Records contained in a dataset
————

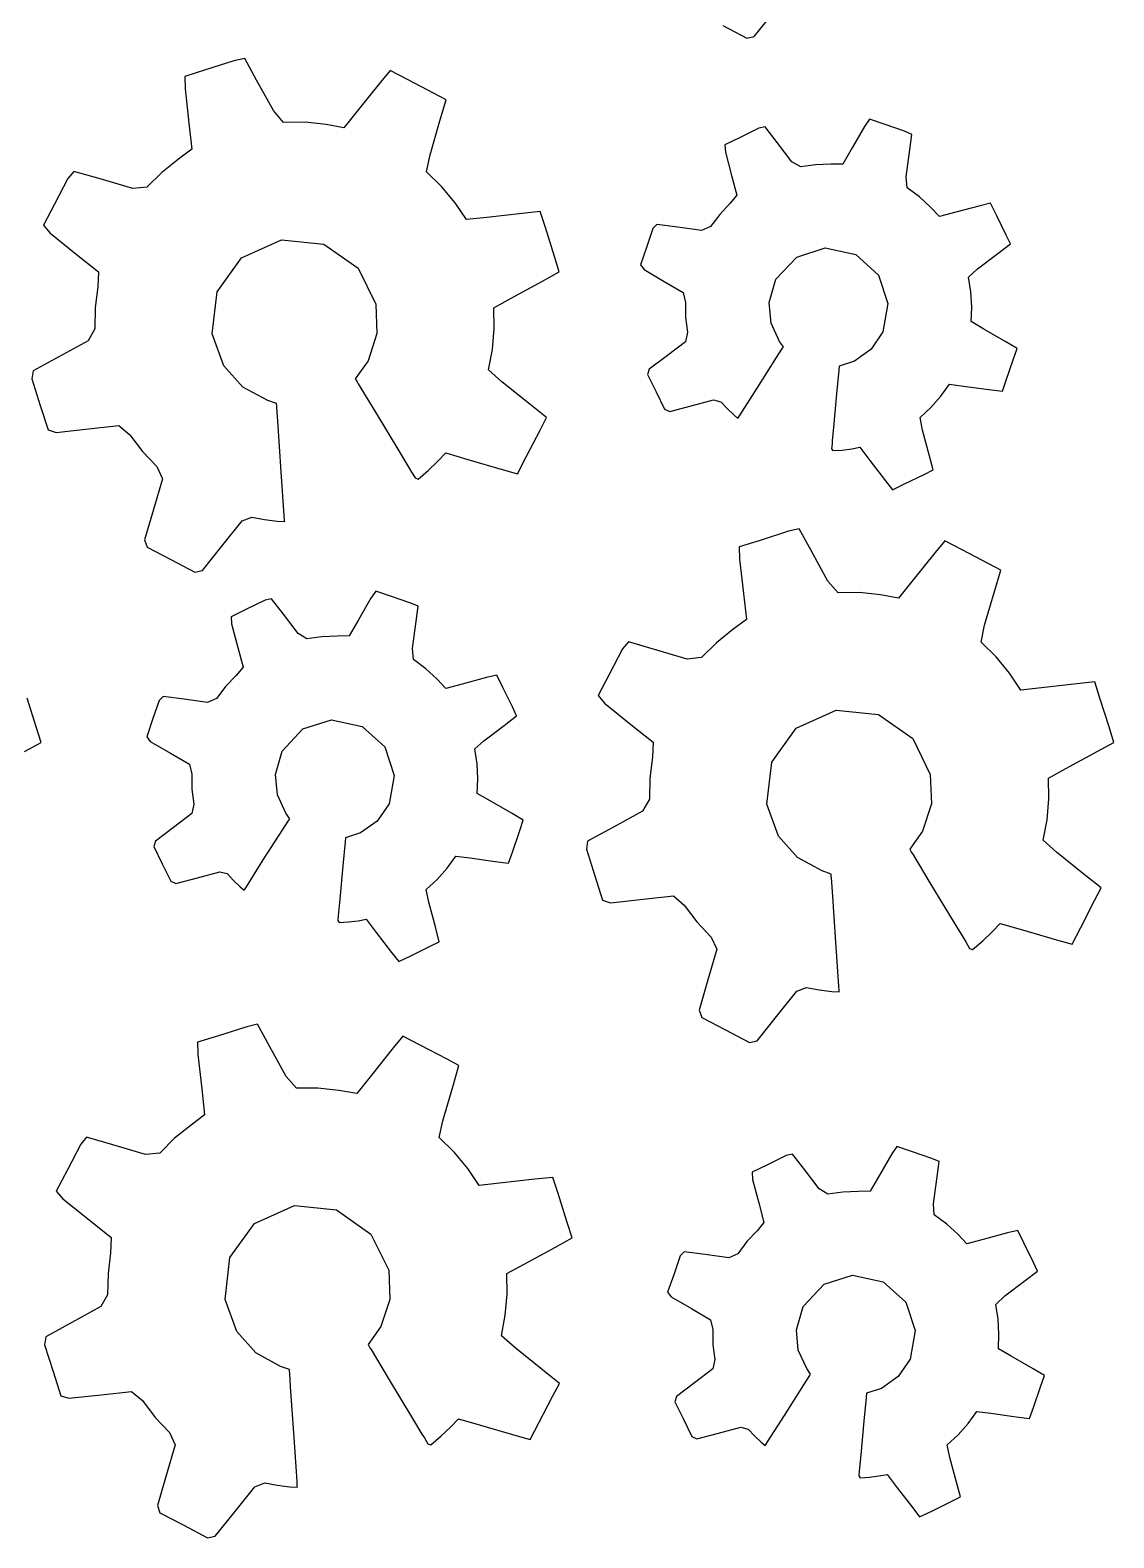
# Model space of a CAD drawing. Header units: metres. Extents: x 1466 to 1806, y 1326 to 1675.
# Drawn here: x 1553.9 to 1638, y 1326.5 to 1443.5 of the extents above; entities that cross this region are included whole.
import ezdxf

# ---------------------------------------------------------------- set-up
doc = ezdxf.new("R2010")
doc.units = ezdxf.units.M

msp = doc.modelspace()

# ---------------------------------------------------------------- linework, layer by layer
at = {"layer": 'COMPONENT0'}
for p, q in [((1610.11, 1443), (1611.63, 1444.89)), ((1607.66, 1443.85), (1609.52, 1442.88)), ((1609.52, 1442.88), (1610.11, 1443)), ((1569.71, 1441.11), (1567.52, 1440.41)), ((1570.56, 1441.3), (1569.71, 1441.11)), ((1571.48, 1439.61), (1570.56, 1441.3)), ((1567.52, 1440.41), (1565.9, 1439.91)), ((1565.9, 1439.91), (1565.93, 1438.95)), ((1572.78, 1437.25), (1571.48, 1439.61)), ((1581.1, 1439.47), (1579.39, 1437.35)), ((1581.85, 1440.37), (1581.1, 1439.47)), ((1583.19, 1439.67), (1581.85, 1440.37)), ((1585.27, 1438.59), (1583.19, 1439.67)), ((1565.93, 1438.95), (1566.22, 1436.29)), ((1586.19, 1438.09), (1585.27, 1438.59)), ((1573.58, 1436.34), (1572.78, 1437.25)), ((1579.39, 1437.35), (1578.25, 1435.93)), ((1585.71, 1436.45), (1586.19, 1438.09)), ((1566.22, 1436.29), (1566.45, 1434.27)), ((1575.24, 1436.35), (1573.58, 1436.34)), ((1576.87, 1436.17), (1575.24, 1436.35)), ((1578.25, 1435.93), (1576.87, 1436.17)), ((1584.94, 1433.82), (1585.71, 1436.45)), ((1610.46, 1435.88), (1609.02, 1435.17)), ((1610.96, 1436), (1610.46, 1435.88)), ((1611.88, 1434.79), (1610.96, 1436)), ((1618.67, 1436.02), (1617.7, 1434.36)), ((1619.06, 1436.58), (1618.67, 1436.02)), ((1620.2, 1436.19), (1619.06, 1436.58)), ((1621.77, 1435.66), (1620.2, 1436.19)), ((1609.02, 1435.17), (1607.83, 1434.59)), ((1613.03, 1433.28), (1611.88, 1434.79)), ((1622.34, 1435.41), (1621.77, 1435.66)), ((1622.15, 1434.04), (1622.34, 1435.41)), ((1566.45, 1434.27), (1565.41, 1433.48)), ((1584.67, 1432.5), (1584.94, 1433.82)), ((1607.83, 1434.59), (1607.86, 1434.03)), ((1607.86, 1434.03), (1608.34, 1432.22)), ((1617.7, 1434.36), (1616.98, 1433.11)), ((1621.89, 1432.12), (1622.15, 1434.04)), ((1557.3, 1432.54), (1556.83, 1431.99)), ((1559.33, 1431.95), (1557.3, 1432.54)), ((1564.13, 1432.45), (1562.96, 1431.31)), ((1565.41, 1433.48), (1564.13, 1432.45)), ((1585.84, 1431.37), (1584.67, 1432.5)), ((1613.71, 1432.88), (1613.03, 1433.28)), ((1614.86, 1433.04), (1613.71, 1432.88)), ((1616.04, 1433.09), (1614.86, 1433.04)), ((1616.98, 1433.11), (1616.04, 1433.09)), ((1556.83, 1431.99), (1555.8, 1430)), ((1561.87, 1431.2), (1559.33, 1431.95)), ((1562.96, 1431.31), (1561.87, 1431.2)), ((1586.88, 1430.1), (1585.84, 1431.37)), ((1608.34, 1432.22), (1608.75, 1430.69)), ((1621.97, 1431.27), (1621.89, 1432.12)), ((1622.93, 1430.56), (1621.97, 1431.27)), ((1555.8, 1430), (1554.94, 1428.36)), ((1587.76, 1428.79), (1586.88, 1430.1)), ((1608.22, 1430.04), (1607.42, 1429.19)), ((1608.75, 1430.69), (1608.22, 1430.04)), ((1623.79, 1429.77), (1622.93, 1430.56)), ((1628.45, 1430.07), (1627.63, 1429.87)), ((1628.93, 1429.1), (1628.45, 1430.07)), ((1589.35, 1428.97), (1587.76, 1428.79)), ((1592.09, 1429.27), (1589.35, 1428.97)), ((1593.49, 1429.42), (1592.09, 1429.27)), ((1593.89, 1428.17), (1593.49, 1429.42)), ((1607.42, 1429.19), (1606.7, 1428.26)), ((1624.49, 1429.03), (1623.79, 1429.77)), ((1625.75, 1429.37), (1624.49, 1429.03)), ((1627.63, 1429.87), (1625.75, 1429.37)), ((1629.66, 1427.59), (1628.93, 1429.1)), ((1554.94, 1428.36), (1555.44, 1427.76)), ((1555.44, 1427.76), (1557.48, 1426.12)), ((1594.59, 1425.93), (1593.89, 1428.17)), ((1602.23, 1428.1), (1601.73, 1426.63)), ((1602.55, 1428.42), (1602.23, 1428.1)), ((1604.18, 1428.2), (1602.55, 1428.42)), ((1606, 1427.95), (1604.18, 1428.2)), ((1606.7, 1428.26), (1606, 1427.95)), ((1570.32, 1425.84), (1573.42, 1427.23)), ((1573.42, 1427.23), (1576.7, 1426.9)), ((1576.7, 1426.9), (1579.36, 1425.03)), ((1601.73, 1426.63), (1601.27, 1425.28)), ((1613.4, 1425.89), (1615.62, 1426.6)), ((1615.62, 1426.6), (1618, 1426.08)), ((1629.01, 1426.16), (1629.98, 1426.91)), ((1629.98, 1426.91), (1629.66, 1427.59)), ((1557.48, 1426.12), (1559.21, 1424.74)), ((1568.41, 1423.2), (1570.32, 1425.84)), ((1594.97, 1424.73), (1594.59, 1425.93)), ((1611.79, 1424.16), (1613.4, 1425.89)), ((1618, 1426.08), (1619.75, 1424.49)), ((1627.44, 1424.97), (1629.01, 1426.16)), ((1559.21, 1424.74), (1559.15, 1423.58)), ((1579.36, 1425.03), (1580.73, 1422.23)), ((1593.68, 1424.02), (1594.97, 1424.73)), ((1601.27, 1425.28), (1601.55, 1424.91)), ((1601.55, 1424.91), (1603.12, 1424)), ((1611.26, 1422.35), (1611.79, 1424.16)), ((1619.75, 1424.49), (1620.48, 1422.28)), ((1626.73, 1424.33), (1627.44, 1424.97)), ((1626.92, 1423.18), (1626.73, 1424.33)), ((1559.15, 1423.58), (1558.95, 1421.96)), ((1568.04, 1419.93), (1568.41, 1423.2)), ((1591.25, 1422.69), (1593.68, 1424.02)), ((1603.12, 1424), (1604.59, 1423.14)), ((1604.59, 1423.14), (1604.76, 1422.37)), ((1626.98, 1422.01), (1626.92, 1423.18)), ((1558.95, 1421.96), (1558.93, 1420.32)), ((1580.73, 1422.23), (1580.82, 1419.95)), ((1589.9, 1421.95), (1591.25, 1422.69)), ((1589.93, 1420.34), (1589.9, 1421.95)), ((1604.76, 1422.37), (1604.78, 1421.2)), ((1611.41, 1420.76), (1611.26, 1422.35)), ((1620.48, 1422.28), (1620.09, 1420.08)), ((1626.93, 1420.88), (1626.98, 1422.01)), ((1604.78, 1421.2), (1604.92, 1420.05)), ((1612.07, 1419.34), (1611.41, 1420.76)), ((1627.92, 1420.3), (1626.93, 1420.88)), ((1558.93, 1420.32), (1558.4, 1419.39)), ((1568.94, 1417.45), (1568.04, 1419.93)), ((1580.82, 1419.95), (1580.13, 1417.84)), ((1589.79, 1418.72), (1589.93, 1420.34)), ((1604.92, 1420.05), (1604.77, 1419.31)), ((1620.09, 1420.08), (1619.17, 1418.74)), ((1629.63, 1419.31), (1627.92, 1420.3)), ((1558.4, 1419.39), (1556.14, 1418.15)), ((1589.48, 1417.14), (1589.79, 1418.72)), ((1604.77, 1419.31), (1603.36, 1418.24)), ((1611.84, 1418.09), (1612.25, 1418.73)), ((1612.37, 1418.91), (1612.07, 1419.34)), ((1612.25, 1418.73), (1612.3, 1418.81)), ((1612.3, 1418.81), (1612.37, 1418.91)), ((1619.17, 1418.74), (1617.88, 1417.81)), ((1630.5, 1418.8), (1629.63, 1419.31)), ((1630.2, 1417.91), (1630.5, 1418.8)), ((1556.14, 1418.15), (1554.13, 1417.05)), ((1570.42, 1415.8), (1568.94, 1417.45)), ((1580.13, 1417.84), (1579.14, 1416.44)), ((1590.52, 1416.21), (1589.48, 1417.14)), ((1601.96, 1417.18), (1601.83, 1416.76)), ((1603.36, 1418.24), (1601.96, 1417.18)), ((1610.32, 1415.71), (1611.84, 1418.09)), ((1616.68, 1417.22), (1616.67, 1417.11)), ((1616.7, 1417.34), (1616.68, 1417.22)), ((1617.88, 1417.81), (1616.7, 1417.43)), ((1616.7, 1417.43), (1616.7, 1417.34)), ((1629.65, 1416.32), (1630.2, 1417.91)), ((1554.13, 1417.05), (1554.04, 1416.44)), ((1554.04, 1416.44), (1554.69, 1414.36)), ((1579.14, 1416.44), (1579.2, 1416.34)), ((1579.2, 1416.34), (1579.28, 1416.2)), ((1579.28, 1416.2), (1579.36, 1416.06)), ((1579.36, 1416.06), (1580.7, 1413.84)), ((1592.68, 1414.48), (1590.52, 1416.21)), ((1601.83, 1416.76), (1602.49, 1415.43)), ((1616.67, 1417.11), (1616.5, 1415.26)), ((1624.59, 1415.08), (1625.25, 1416.02)), ((1625.25, 1416.02), (1626.35, 1415.87)), ((1629.36, 1415.47), (1629.65, 1416.32)), ((1572.34, 1414.75), (1570.42, 1415.8)), ((1602.49, 1415.43), (1603.15, 1414.08)), ((1605.21, 1414.34), (1606.95, 1414.8)), ((1606.95, 1414.8), (1607.51, 1414.65)), ((1609.01, 1413.65), (1610.32, 1415.71)), ((1616.5, 1415.26), (1616.26, 1412.66)), ((1623.82, 1414.21), (1624.59, 1415.08)), ((1626.35, 1415.87), (1628.31, 1415.61)), ((1628.31, 1415.61), (1629.36, 1415.47)), ((1554.69, 1414.36), (1555.29, 1412.47)), ((1573.03, 1414.51), (1572.34, 1414.75)), ((1573.04, 1414.35), (1573.03, 1414.51)), ((1573.05, 1414.21), (1573.04, 1414.35)), ((1573.12, 1413.16), (1573.05, 1414.21)), ((1580.7, 1413.84), (1582.59, 1410.72)), ((1593.98, 1413.43), (1592.68, 1414.48)), ((1603.15, 1414.08), (1603.54, 1413.89)), ((1603.54, 1413.89), (1605.21, 1414.34)), ((1607.51, 1414.65), (1608, 1414.13)), ((1608, 1414.13), (1608.52, 1413.64)), ((1608.52, 1413.64), (1608.84, 1413.37)), ((1608.85, 1413.4), (1609.01, 1413.65)), ((1622.97, 1413.43), (1623.82, 1414.21)), ((1555.29, 1412.47), (1555.92, 1412.28)), ((1555.92, 1412.28), (1558.43, 1412.56)), ((1558.43, 1412.56), (1560.79, 1412.82)), ((1560.79, 1412.82), (1561.63, 1412.09)), ((1573.39, 1409.23), (1573.12, 1413.16)), ((1592.4, 1410.37), (1593.48, 1412.45)), ((1593.48, 1412.45), (1593.98, 1413.43)), ((1608.84, 1413.37), (1608.85, 1413.4)), ((1616.26, 1412.66), (1616.16, 1411.64)), ((1623.17, 1412.45), (1622.97, 1413.43)), ((1623.68, 1410.53), (1623.17, 1412.45)), ((1561.63, 1412.09), (1562.62, 1410.8)), ((1616.14, 1411.39), (1616.11, 1411.01)), ((1616.16, 1411.64), (1616.14, 1411.39)), ((1562.62, 1410.8), (1563.73, 1409.63)), ((1582.59, 1410.72), (1583.32, 1409.5)), ((1585.53, 1410.03), (1586.16, 1410.68)), ((1586.16, 1410.68), (1587.88, 1410.18)), ((1587.88, 1410.18), (1590.53, 1409.41)), ((1591.73, 1409.07), (1592.4, 1410.37)), ((1616.11, 1411.01), (1616.2, 1410.87)), ((1616.2, 1410.87), (1616.94, 1410.91)), ((1616.94, 1410.91), (1617.67, 1411.01)), ((1617.67, 1411.01), (1618.31, 1411.12)), ((1618.31, 1411.12), (1619.08, 1410.1)), ((1619.08, 1410.1), (1620.28, 1408.52)), ((1623.99, 1409.38), (1623.68, 1410.53)), ((1563.73, 1409.63), (1564.17, 1408.67)), ((1573.63, 1405.82), (1573.39, 1409.23)), ((1583.32, 1409.5), (1583.51, 1409.19)), ((1583.51, 1409.19), (1583.78, 1408.74)), ((1584.01, 1408.66), (1584.8, 1409.32)), ((1584.8, 1409.32), (1585.53, 1410.03)), ((1590.53, 1409.41), (1591.73, 1409.07)), ((1621.77, 1408.28), (1623.28, 1409.02)), ((1623.28, 1409.02), (1623.99, 1409.38)), ((1564.17, 1408.67), (1563.47, 1406.29)), ((1583.78, 1408.74), (1584.01, 1408.66)), ((1620.28, 1408.52), (1620.83, 1407.82)), ((1620.83, 1407.82), (1621.77, 1408.28)), ((1563.47, 1406.29), (1562.79, 1403.94)), ((1568.79, 1403.45), (1570.36, 1405.41)), ((1570.36, 1405.41), (1571.11, 1405.71)), ((1571.11, 1405.71), (1572.09, 1405.52)), ((1572.09, 1405.52), (1573.08, 1405.4)), ((1573.65, 1405.44), (1573.63, 1405.82)), ((1573.65, 1405.41), (1573.65, 1405.44)), ((1573.66, 1405.37), (1573.65, 1405.41)), ((1573.08, 1405.4), (1573.66, 1405.37)), ((1612.76, 1404.6), (1610.56, 1403.9)), ((1613.6, 1404.79), (1612.76, 1404.6)), ((1614.53, 1403.1), (1613.6, 1404.79)), ((1562.79, 1403.94), (1562.98, 1403.37)), ((1562.98, 1403.37), (1564.82, 1402.41)), ((1567.28, 1401.56), (1568.79, 1403.45)), ((1610.56, 1403.9), (1608.94, 1403.4)), ((1608.94, 1403.4), (1608.97, 1402.44)), ((1615.82, 1400.73), (1614.53, 1403.1)), ((1624.89, 1403.86), (1624.14, 1402.96)), ((1626.23, 1403.16), (1624.89, 1403.86)), ((1628.31, 1402.08), (1626.23, 1403.16)), ((1564.82, 1402.41), (1566.69, 1401.44)), ((1608.97, 1402.44), (1609.27, 1399.78)), ((1624.14, 1402.96), (1622.43, 1400.84)), ((1629.23, 1401.58), (1628.31, 1402.08)), ((1566.69, 1401.44), (1567.28, 1401.56)), ((1616.62, 1399.83), (1615.82, 1400.73)), ((1622.43, 1400.84), (1621.3, 1399.42)), ((1628.75, 1399.94), (1629.23, 1401.58)), ((1580.74, 1399.96), (1580.35, 1399.4)), ((1581.88, 1399.57), (1580.74, 1399.96)), ((1583.45, 1399.03), (1581.88, 1399.57)), ((1609.27, 1399.78), (1609.49, 1397.76)), ((1618.28, 1399.84), (1616.62, 1399.83)), ((1619.91, 1399.66), (1618.28, 1399.84)), ((1621.3, 1399.42), (1619.91, 1399.66)), ((1627.98, 1397.31), (1628.75, 1399.94)), ((1570.7, 1398.55), (1569.51, 1397.96)), ((1572.14, 1399.25), (1570.7, 1398.55)), ((1572.64, 1399.37), (1572.14, 1399.25)), ((1573.56, 1398.17), (1572.64, 1399.37)), ((1580.35, 1399.4), (1579.38, 1397.74)), ((1584.02, 1398.78), (1583.45, 1399.03)), ((1583.83, 1397.42), (1584.02, 1398.78)), ((1569.51, 1397.96), (1569.54, 1397.41)), ((1569.54, 1397.41), (1570.02, 1395.59)), ((1574.71, 1396.66), (1573.56, 1398.17)), ((1579.38, 1397.74), (1578.66, 1396.48)), ((1583.57, 1395.5), (1583.83, 1397.42)), ((1609.49, 1397.76), (1608.45, 1396.97)), ((1627.71, 1395.99), (1627.98, 1397.31)), ((1575.39, 1396.25), (1574.71, 1396.66)), ((1576.54, 1396.42), (1575.39, 1396.25)), ((1577.72, 1396.46), (1576.54, 1396.42)), ((1578.66, 1396.48), (1577.72, 1396.46)), ((1608.45, 1396.97), (1607.17, 1395.94)), ((1570.02, 1395.59), (1570.43, 1394.06)), ((1583.65, 1394.64), (1583.57, 1395.5)), ((1599.88, 1395.48), (1598.84, 1393.49)), ((1600.34, 1396.03), (1599.88, 1395.48)), ((1602.37, 1395.44), (1600.34, 1396.03)), ((1604.91, 1394.69), (1602.37, 1395.44)), ((1607.17, 1395.94), (1606, 1394.8)), ((1628.88, 1394.85), (1627.71, 1395.99)), ((1570.43, 1394.06), (1569.9, 1393.42)), ((1584.61, 1393.94), (1583.65, 1394.64)), ((1585.47, 1393.14), (1584.61, 1393.94)), ((1606, 1394.8), (1604.91, 1394.69)), ((1629.92, 1393.59), (1628.88, 1394.85)), ((1569.1, 1392.57), (1568.38, 1391.63)), ((1569.9, 1393.42), (1569.1, 1392.57)), ((1586.17, 1392.41), (1585.47, 1393.14)), ((1587.43, 1392.74), (1586.17, 1392.41)), ((1589.31, 1393.25), (1587.43, 1392.74)), ((1590.13, 1393.44), (1589.31, 1393.25)), ((1590.6, 1392.47), (1590.13, 1393.44)), ((1598.84, 1393.49), (1597.98, 1391.85)), ((1630.8, 1392.28), (1629.92, 1393.59)), ((1635.13, 1392.76), (1632.39, 1392.46)), ((1636.53, 1392.91), (1635.13, 1392.76)), ((1636.93, 1391.66), (1636.53, 1392.91)), ((1554.38, 1389.42), (1553.67, 1391.66)), ((1563.91, 1391.48), (1563.41, 1390)), ((1564.23, 1391.79), (1563.91, 1391.48)), ((1565.86, 1391.57), (1564.23, 1391.79)), ((1567.68, 1391.32), (1565.86, 1391.57)), ((1568.38, 1391.63), (1567.68, 1391.32)), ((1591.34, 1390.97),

————

• [TASK PROMPT]
The answer must be every line of the data that holds the word "layer".

• [EXPECTED ANSWER]
# ---------------------------------------------------------------- linework, layer by layer
at = {"layer": 'COMPONENT0'}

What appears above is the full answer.